======== Data for processing ========

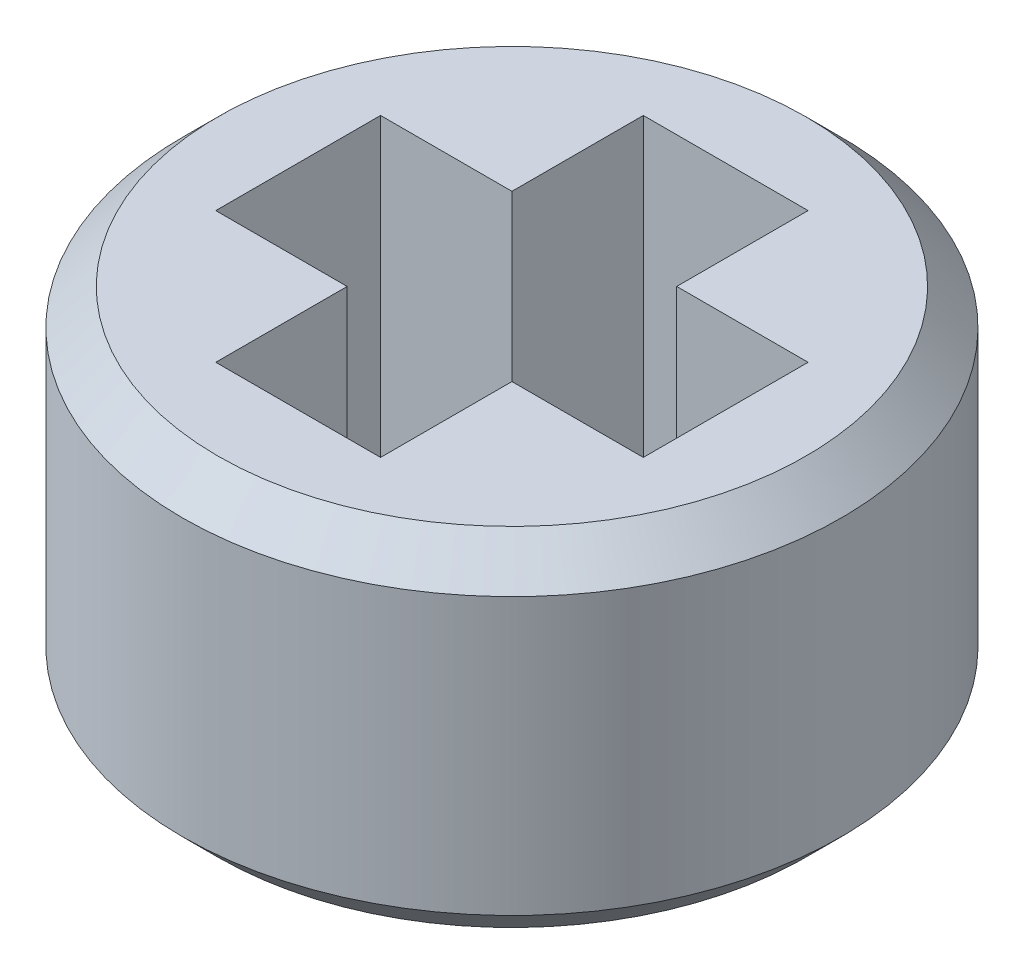
ISO-10303-21;
HEADER;
FILE_DESCRIPTION(('STEP AP214'),'2;1');
FILE_NAME('part.step','',(''),(''),'','','');
FILE_SCHEMA(('AUTOMOTIVE_DESIGN { 1 0 10303 214 1 1 1 1 }'));
ENDSEC;
DATA;
#1=APPLICATION_CONTEXT('core data for automotive mechanical design processes');
#2=APPLICATION_PROTOCOL_DEFINITION('international standard','automotive_design',2000,#1);
#3=PRODUCT_CONTEXT('',#1,'mechanical');
#4=PRODUCT('Part','Part','',(#3));
#5=PRODUCT_RELATED_PRODUCT_CATEGORY('part','',(#4));
#6=PRODUCT_DEFINITION_FORMATION('','',#4);
#7=PRODUCT_DEFINITION_CONTEXT('part definition',#1,'design');
#8=PRODUCT_DEFINITION('design','',#6,#7);
#9=PRODUCT_DEFINITION_SHAPE('','',#8);
#10=(LENGTH_UNIT() NAMED_UNIT(*) SI_UNIT(.MILLI.,.METRE.));
#11=(NAMED_UNIT(*) PLANE_ANGLE_UNIT() SI_UNIT($,.RADIAN.));
#12=(NAMED_UNIT(*) SI_UNIT($,.STERADIAN.) SOLID_ANGLE_UNIT());
#13=UNCERTAINTY_MEASURE_WITH_UNIT(LENGTH_MEASURE(1.E-05),#10,'distance_accuracy_value','');
#14=(GEOMETRIC_REPRESENTATION_CONTEXT(3) GLOBAL_UNCERTAINTY_ASSIGNED_CONTEXT((#13)) GLOBAL_UNIT_ASSIGNED_CONTEXT((#10,
#11,#12)) REPRESENTATION_CONTEXT('',''));
#15=CARTESIAN_POINT('',(0.,0.,0.));
#16=DIRECTION('',(0.,0.,1.));
#17=DIRECTION('',(1.,0.,0.));
#18=AXIS2_PLACEMENT_3D('',#15,#16,#17);
#19=CARTESIAN_POINT('',(0.,1.95,0.));
#20=DIRECTION('',(0.,-1.,0.));
#21=DIRECTION('',(0.,0.,-1.));
#22=AXIS2_PLACEMENT_3D('',#19,#20,#21);
#23=CYLINDRICAL_SURFACE('',#22,3.7);
#24=CARTESIAN_POINT('',(0.,-1.55,0.));
#25=DIRECTION('',(0.,1.,0.));
#26=DIRECTION('',(0.,0.,1.));
#27=AXIS2_PLACEMENT_3D('',#24,#25,#26);
#28=CIRCLE('',#27,3.7);
#29=CARTESIAN_POINT('',(0.,-1.55,3.7));
#30=VERTEX_POINT('',#29);
#31=EDGE_CURVE('E235',#30,#30,#28,.T.);
#32=ORIENTED_EDGE('',*,*,#31,.T.);
#33=EDGE_LOOP('',(#32));
#34=FACE_BOUND('',#33,.T.);
#35=CARTESIAN_POINT('',(0.,1.55,0.));
#36=DIRECTION('',(0.,1.,0.));
#37=DIRECTION('',(0.,0.,1.));
#38=AXIS2_PLACEMENT_3D('',#35,#36,#37);
#39=CIRCLE('',#38,3.7);
#40=CARTESIAN_POINT('',(0.,1.55,3.7));
#41=VERTEX_POINT('',#40);
#42=EDGE_CURVE('E213',#41,#41,#39,.F.);
#43=ORIENTED_EDGE('',*,*,#42,.T.);
#44=EDGE_LOOP('',(#43));
#45=FACE_BOUND('',#44,.T.);
#46=ADVANCED_FACE('F43',(#34,#45),#23,.T.);
#47=CARTESIAN_POINT('',(0.,1.95,0.));
#48=DIRECTION('',(0.,1.,0.));
#49=DIRECTION('',(0.,0.,1.));
#50=AXIS2_PLACEMENT_3D('',#47,#48,#49);
#51=PLANE('',#50);
#52=CARTESIAN_POINT('',(0.,1.95,0.));
#53=DIRECTION('',(0.,1.,0.));
#54=DIRECTION('',(0.,0.,1.));
#55=AXIS2_PLACEMENT_3D('',#52,#53,#54);
#56=CIRCLE('',#55,3.3);
#57=CARTESIAN_POINT('',(0.,1.95,3.3));
#58=VERTEX_POINT('',#57);
#59=EDGE_CURVE('E11',#58,#58,#56,.T.);
#60=ORIENTED_EDGE('',*,*,#59,.T.);
#61=EDGE_LOOP('',(#60));
#62=FACE_BOUND('',#61,.T.);
#63=DIRECTION('',(1.,0.,0.));
#64=VECTOR('',#63,1.);
#65=CARTESIAN_POINT('',(0.925,1.95,0.925));
#66=LINE('',#65,#64);
#67=CARTESIAN_POINT('',(0.925,1.95,0.925));
#68=VERTEX_POINT('',#67);
#69=CARTESIAN_POINT('',(2.4,1.95,0.925));
#70=VERTEX_POINT('',#69);
#71=EDGE_CURVE('E59',#68,#70,#66,.T.);
#72=ORIENTED_EDGE('',*,*,#71,.F.);
#73=DIRECTION('',(0.,0.,-1.));
#74=VECTOR('',#73,1.);
#75=CARTESIAN_POINT('',(0.925,1.95,0.925));
#76=LINE('',#75,#74);
#77=CARTESIAN_POINT('',(0.925,1.95,2.4));
#78=VERTEX_POINT('',#77);
#79=EDGE_CURVE('E151',#78,#68,#76,.T.);
#80=ORIENTED_EDGE('',*,*,#79,.F.);
#81=DIRECTION('',(1.,0.,0.));
#82=VECTOR('',#81,1.);
#83=CARTESIAN_POINT('',(-0.925,1.95,2.4));
#84=LINE('',#83,#82);
#85=CARTESIAN_POINT('',(-0.925,1.95,2.4));
#86=VERTEX_POINT('',#85);
#87=EDGE_CURVE('E154',#86,#78,#84,.T.);
#88=ORIENTED_EDGE('',*,*,#87,.F.);
#89=DIRECTION('',(0.,0.,1.));
#90=VECTOR('',#89,1.);
#91=CARTESIAN_POINT('',(-0.925,1.95,0.925));
#92=LINE('',#91,#90);
#93=CARTESIAN_POINT('',(-0.925,1.95,0.925));
#94=VERTEX_POINT('',#93);
#95=EDGE_CURVE('E206',#94,#86,#92,.T.);
#96=ORIENTED_EDGE('',*,*,#95,.F.);
#97=DIRECTION('',(1.,0.,0.));
#98=VECTOR('',#97,1.);
#99=CARTESIAN_POINT('',(-2.4,1.95,0.925));
#100=LINE('',#99,#98);
#101=CARTESIAN_POINT('',(-2.4,1.95,0.925));
#102=VERTEX_POINT('',#101);
#103=EDGE_CURVE('E203',#102,#94,#100,.T.);
#104=ORIENTED_EDGE('',*,*,#103,.F.);
#105=DIRECTION('',(0.,0.,1.));
#106=VECTOR('',#105,1.);
#107=CARTESIAN_POINT('',(-2.4,1.95,-0.925));
#108=LINE('',#107,#106);
#109=CARTESIAN_POINT('',(-2.4,1.95,-0.925));
#110=VERTEX_POINT('',#109);
#111=EDGE_CURVE('E200',#110,#102,#108,.T.);
#112=ORIENTED_EDGE('',*,*,#111,.F.);
#113=DIRECTION('',(-1.,0.,0.));
#114=VECTOR('',#113,1.);
#115=CARTESIAN_POINT('',(-2.4,1.95,-0.925));
#116=LINE('',#115,#114);
#117=CARTESIAN_POINT('',(-0.925,1.95,-0.925));
#118=VERTEX_POINT('',#117);
#119=EDGE_CURVE('E197',#118,#110,#116,.T.);
#120=ORIENTED_EDGE('',*,*,#119,.F.);
#121=DIRECTION('',(0.,0.,1.));
#122=VECTOR('',#121,1.);
#123=CARTESIAN_POINT('',(-0.925000000000001,1.95,-2.4));
#124=LINE('',#123,#122);
#125=CARTESIAN_POINT('',(-0.925000000000001,1.95,-2.4));
#126=VERTEX_POINT('',#125);
#127=EDGE_CURVE('E194',#126,#118,#124,.T.);
#128=ORIENTED_EDGE('',*,*,#127,.F.);
#129=DIRECTION('',(-1.,0.,0.));
#130=VECTOR('',#129,1.);
#131=CARTESIAN_POINT('',(-0.925000000000001,1.95,-2.4));
#132=LINE('',#131,#130);
#133=CARTESIAN_POINT('',(0.924999999999999,1.95,-2.4));
#134=VERTEX_POINT('',#133);
#135=EDGE_CURVE('E191',#134,#126,#132,.T.);
#136=ORIENTED_EDGE('',*,*,#135,.F.);
#137=DIRECTION('',(0.,0.,-1.));
#138=VECTOR('',#137,1.);
#139=CARTESIAN_POINT('',(0.924999999999999,1.95,-2.4));
#140=LINE('',#139,#138);
#141=CARTESIAN_POINT('',(0.924999999999999,1.95,-0.925));
#142=VERTEX_POINT('',#141);
#143=EDGE_CURVE('E188',#142,#134,#140,.T.);
#144=ORIENTED_EDGE('',*,*,#143,.F.);
#145=DIRECTION('',(-1.,0.,0.));
#146=VECTOR('',#145,1.);
#147=CARTESIAN_POINT('',(0.924999999999999,1.95,-0.925));
#148=LINE('',#147,#146);
#149=CARTESIAN_POINT('',(2.4,1.95,-0.925));
#150=VERTEX_POINT('',#149);
#151=EDGE_CURVE('E185',#150,#142,#148,.T.);
#152=ORIENTED_EDGE('',*,*,#151,.F.);
#153=DIRECTION('',(0.,0.,-1.));
#154=VECTOR('',#153,1.);
#155=CARTESIAN_POINT('',(2.4,1.95,-0.925));
#156=LINE('',#155,#154);
#157=EDGE_CURVE('E183',#70,#150,#156,.T.);
#158=ORIENTED_EDGE('',*,*,#157,.F.);
#159=EDGE_LOOP('',(#72,#80,#88,#96,#104,#112,#120,#128,#136,#144,#152,#158));
#160=FACE_BOUND('',#159,.T.);
#161=ADVANCED_FACE('F248',(#62,#160),#51,.T.);
#162=CARTESIAN_POINT('',(0.,-1.95,0.));
#163=DIRECTION('',(0.,1.,0.));
#164=DIRECTION('',(0.,0.,1.));
#165=AXIS2_PLACEMENT_3D('',#162,#163,#164);
#166=PLANE('',#165);
#167=CARTESIAN_POINT('',(0.,-1.95,0.));
#168=DIRECTION('',(0.,1.,0.));
#169=DIRECTION('',(0.,0.,1.));
#170=AXIS2_PLACEMENT_3D('',#167,#168,#169);
#171=CIRCLE('',#170,3.3);
#172=CARTESIAN_POINT('',(0.,-1.95,3.3));
#173=VERTEX_POINT('',#172);
#174=EDGE_CURVE('E52',#173,#173,#171,.F.);
#175=ORIENTED_EDGE('',*,*,#174,.T.);
#176=EDGE_LOOP('',(#175));
#177=FACE_BOUND('',#176,.T.);
#178=DIRECTION('',(0.,0.,-1.));
#179=VECTOR('',#178,1.);
#180=CARTESIAN_POINT('',(0.925,-1.95,0.925));
#181=LINE('',#180,#179);
#182=CARTESIAN_POINT('',(0.925,-1.95,2.4));
#183=VERTEX_POINT('',#182);
#184=CARTESIAN_POINT('',(0.925,-1.95,0.925));
#185=VERTEX_POINT('',#184);
#186=EDGE_CURVE('E141',#183,#185,#181,.T.);
#187=ORIENTED_EDGE('',*,*,#186,.T.);
#188=DIRECTION('',(1.,0.,0.));
#189=VECTOR('',#188,1.);
#190=CARTESIAN_POINT('',(0.925,-1.95,0.925));
#191=LINE('',#190,#189);
#192=CARTESIAN_POINT('',(2.4,-1.95,0.925));
#193=VERTEX_POINT('',#192);
#194=EDGE_CURVE('E135',#185,#193,#191,.T.);
#195=ORIENTED_EDGE('',*,*,#194,.T.);
#196=DIRECTION('',(0.,0.,-1.));
#197=VECTOR('',#196,1.);
#198=CARTESIAN_POINT('',(2.4,-1.95,-0.925));
#199=LINE('',#198,#197);
#200=CARTESIAN_POINT('',(2.4,-1.95,-0.925));
#201=VERTEX_POINT('',#200);
#202=EDGE_CURVE('E144',#193,#201,#199,.T.);
#203=ORIENTED_EDGE('',*,*,#202,.T.);
#204=DIRECTION('',(-1.,0.,0.));
#205=VECTOR('',#204,1.);
#206=CARTESIAN_POINT('',(0.924999999999999,-1.95,-0.925));
#207=LINE('',#206,#205);
#208=CARTESIAN_POINT('',(0.924999999999999,-1.95,-0.925));
#209=VERTEX_POINT('',#208);
#210=EDGE_CURVE('E67',#201,#209,#207,.T.);
#211=ORIENTED_EDGE('',*,*,#210,.T.);
#212=DIRECTION('',(0.,0.,-1.));
#213=VECTOR('',#212,1.);
#214=CARTESIAN_POINT('',(0.924999999999999,-1.95,-2.4));
#215=LINE('',#214,#213);
#216=CARTESIAN_POINT('',(0.924999999999999,-1.95,-2.4));
#217=VERTEX_POINT('',#216);
#218=EDGE_CURVE('E158',#209,#217,#215,.T.);
#219=ORIENTED_EDGE('',*,*,#218,.T.);
#220=DIRECTION('',(-1.,0.,0.));
#221=VECTOR('',#220,1.);
#222=CARTESIAN_POINT('',(-0.925000000000001,-1.95,-2.4));
#223=LINE('',#222,#221);
#224=CARTESIAN_POINT('',(-0.925000000000001,-1.95,-2.4));
#225=VERTEX_POINT('',#224);
#226=EDGE_CURVE('E161',#217,#225,#223,.T.);
#227=ORIENTED_EDGE('',*,*,#226,.T.);
#228=DIRECTION('',(0.,0.,1.));
#229=VECTOR('',#228,1.);
#230=CARTESIAN_POINT('',(-0.925000000000001,-1.95,-2.4));
#231=LINE('',#230,#229);
#232=CARTESIAN_POINT('',(-0.925,-1.95,-0.925));
#233=VERTEX_POINT('',#232);
#234=EDGE_CURVE('E164',#225,#233,#231,.T.);
#235=ORIENTED_EDGE('',*,*,#234,.T.);
#236=DIRECTION('',(-1.,0.,0.));
#237=VECTOR('',#236,1.);
#238=CARTESIAN_POINT('',(-2.4,-1.95,-0.925));
#239=LINE('',#238,#237);
#240=CARTESIAN_POINT('',(-2.4,-1.95,-0.925));
#241=VERTEX_POINT('',#240);
#242=EDGE_CURVE('E167',#233,#241,#239,.T.);
#243=ORIENTED_EDGE('',*,*,#242,.T.);
#244=DIRECTION('',(0.,0.,1.));
#245=VECTOR('',#244,1.);
#246=CARTESIAN_POINT('',(-2.4,-1.95,-0.925));
#247=LINE('',#246,#245);
#248=CARTESIAN_POINT('',(-2.4,-1.95,0.925));
#249=VERTEX_POINT('',#248);
#250=EDGE_CURVE('E170',#241,#249,#247,.T.);
#251=ORIENTED_EDGE('',*,*,#250,.T.);
#252=DIRECTION('',(1.,0.,0.));
#253=VECTOR('',#252,1.);
#254=CARTESIAN_POINT('',(-2.4,-1.95,0.925));
#255=LINE('',#254,#253);
#256=CARTESIAN_POINT('',(-0.925,-1.95,0.925));
#257=VERTEX_POINT('',#256);
#258=EDGE_CURVE('E173',#249,#257,#255,.T.);
#259=ORIENTED_EDGE('',*,*,#258,.T.);
#260=DIRECTION('',(0.,0.,1.));
#261=VECTOR('',#260,1.);
#262=CARTESIAN_POINT('',(-0.925,-1.95,0.925));
#263=LINE('',#262,#261);
#264=CARTESIAN_POINT('',(-0.925,-1.95,2.4));
#265=VERTEX_POINT('',#264);
#266=EDGE_CURVE('E176',#257,#265,#263,.T.);
#267=ORIENTED_EDGE('',*,*,#266,.T.);
#268=DIRECTION('',(1.,0.,0.));
#269=VECTOR('',#268,1.);
#270=CARTESIAN_POINT('',(-0.925,-1.95,2.4));
#271=LINE('',#270,#269);
#272=EDGE_CURVE('E179',#265,#183,#271,.T.);
#273=ORIENTED_EDGE('',*,*,#272,.T.);
#274=EDGE_LOOP('',(#187,#195,#203,#211,#219,#227,#235,#243,#251,#259,#267,#273));
#275=FACE_BOUND('',#274,.T.);
#276=ADVANCED_FACE('F148',(#177,#275),#166,.F.);
#277=CARTESIAN_POINT('',(0.925,-1.95,0.925));
#278=DIRECTION('',(0.,0.,1.));
#279=DIRECTION('',(1.,0.,0.));
#280=AXIS2_PLACEMENT_3D('',#277,#278,#279);
#281=PLANE('',#280);
#282=ORIENTED_EDGE('',*,*,#71,.T.);
#283=DIRECTION('',(0.,1.,0.));
#284=VECTOR('',#283,1.);
#285=CARTESIAN_POINT('',(2.4,-1.95,0.925));
#286=LINE('',#285,#284);
#287=EDGE_CURVE('E131',#193,#70,#286,.T.);
#288=ORIENTED_EDGE('',*,*,#287,.F.);
#289=ORIENTED_EDGE('',*,*,#194,.F.);
#290=DIRECTION('',(0.,1.,0.));
#291=VECTOR('',#290,1.);
#292=CARTESIAN_POINT('',(0.925,-1.95,0.925));
#293=LINE('',#292,#291);
#294=EDGE_CURVE('E211',#185,#68,#293,.T.);
#295=ORIENTED_EDGE('',*,*,#294,.T.);
#296=EDGE_LOOP('',(#282,#288,#289,#295));
#297=FACE_BOUND('',#296,.T.);
#298=ADVANCED_FACE('F133',(#297),#281,.F.);
#299=CARTESIAN_POINT('',(0.925,-1.95,0.925));
#300=DIRECTION('',(1.,0.,0.));
#301=DIRECTION('',(0.,0.,-1.));
#302=AXIS2_PLACEMENT_3D('',#299,#300,#301);
#303=PLANE('',#302);
#304=ORIENTED_EDGE('',*,*,#79,.T.);
#305=ORIENTED_EDGE('',*,*,#294,.F.);
#306=ORIENTED_EDGE('',*,*,#186,.F.);
#307=DIRECTION('',(0.,1.,0.));
#308=VECTOR('',#307,1.);
#309=CARTESIAN_POINT('',(0.925,-1.95,2.4));
#310=LINE('',#309,#308);
#311=EDGE_CURVE('E214',#183,#78,#310,.T.);
#312=ORIENTED_EDGE('',*,*,#311,.T.);
#313=EDGE_LOOP('',(#304,#305,#306,#312));
#314=FACE_BOUND('',#313,.T.);
#315=ADVANCED_FACE('F295',(#314),#303,.F.);
#316=CARTESIAN_POINT('',(-0.925,-1.95,2.4));
#317=DIRECTION('',(0.,0.,1.));
#318=DIRECTION('',(1.,0.,0.));
#319=AXIS2_PLACEMENT_3D('',#316,#317,#318);
#320=PLANE('',#319);
#321=ORIENTED_EDGE('',*,*,#87,.T.);
#322=ORIENTED_EDGE('',*,*,#311,.F.);
#323=ORIENTED_EDGE('',*,*,#272,.F.);
#324=DIRECTION('',(0.,1.,0.));
#325=VECTOR('',#324,1.);
#326=CARTESIAN_POINT('',(-0.925,-1.95,2.4));
#327=LINE('',#326,#325);
#328=EDGE_CURVE('E216',#265,#86,#327,.T.);
#329=ORIENTED_EDGE('',*,*,#328,.T.);
#330=EDGE_LOOP('',(#321,#322,#323,#329));
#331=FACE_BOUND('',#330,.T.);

========

■ Aim of the exercise:
In the data above, retype exactly and only the lines between the one holding "#201=VERTEX_POINT('',#200);" and the one holding "#210=EDGE_CURVE('E67',#201,#209,#207,.T.);", inclusive.

■ Exercise output:
#201=VERTEX_POINT('',#200);
#202=EDGE_CURVE('E144',#193,#201,#199,.T.);
#203=ORIENTED_EDGE('',*,*,#202,.T.);
#204=DIRECTION('',(-1.,0.,0.));
#205=VECTOR('',#204,1.);
#206=CARTESIAN_POINT('',(0.924999999999999,-1.95,-0.925));
#207=LINE('',#206,#205);
#208=CARTESIAN_POINT('',(0.924999999999999,-1.95,-0.925));
#209=VERTEX_POINT('',#208);
#210=EDGE_CURVE('E67',#201,#209,#207,.T.);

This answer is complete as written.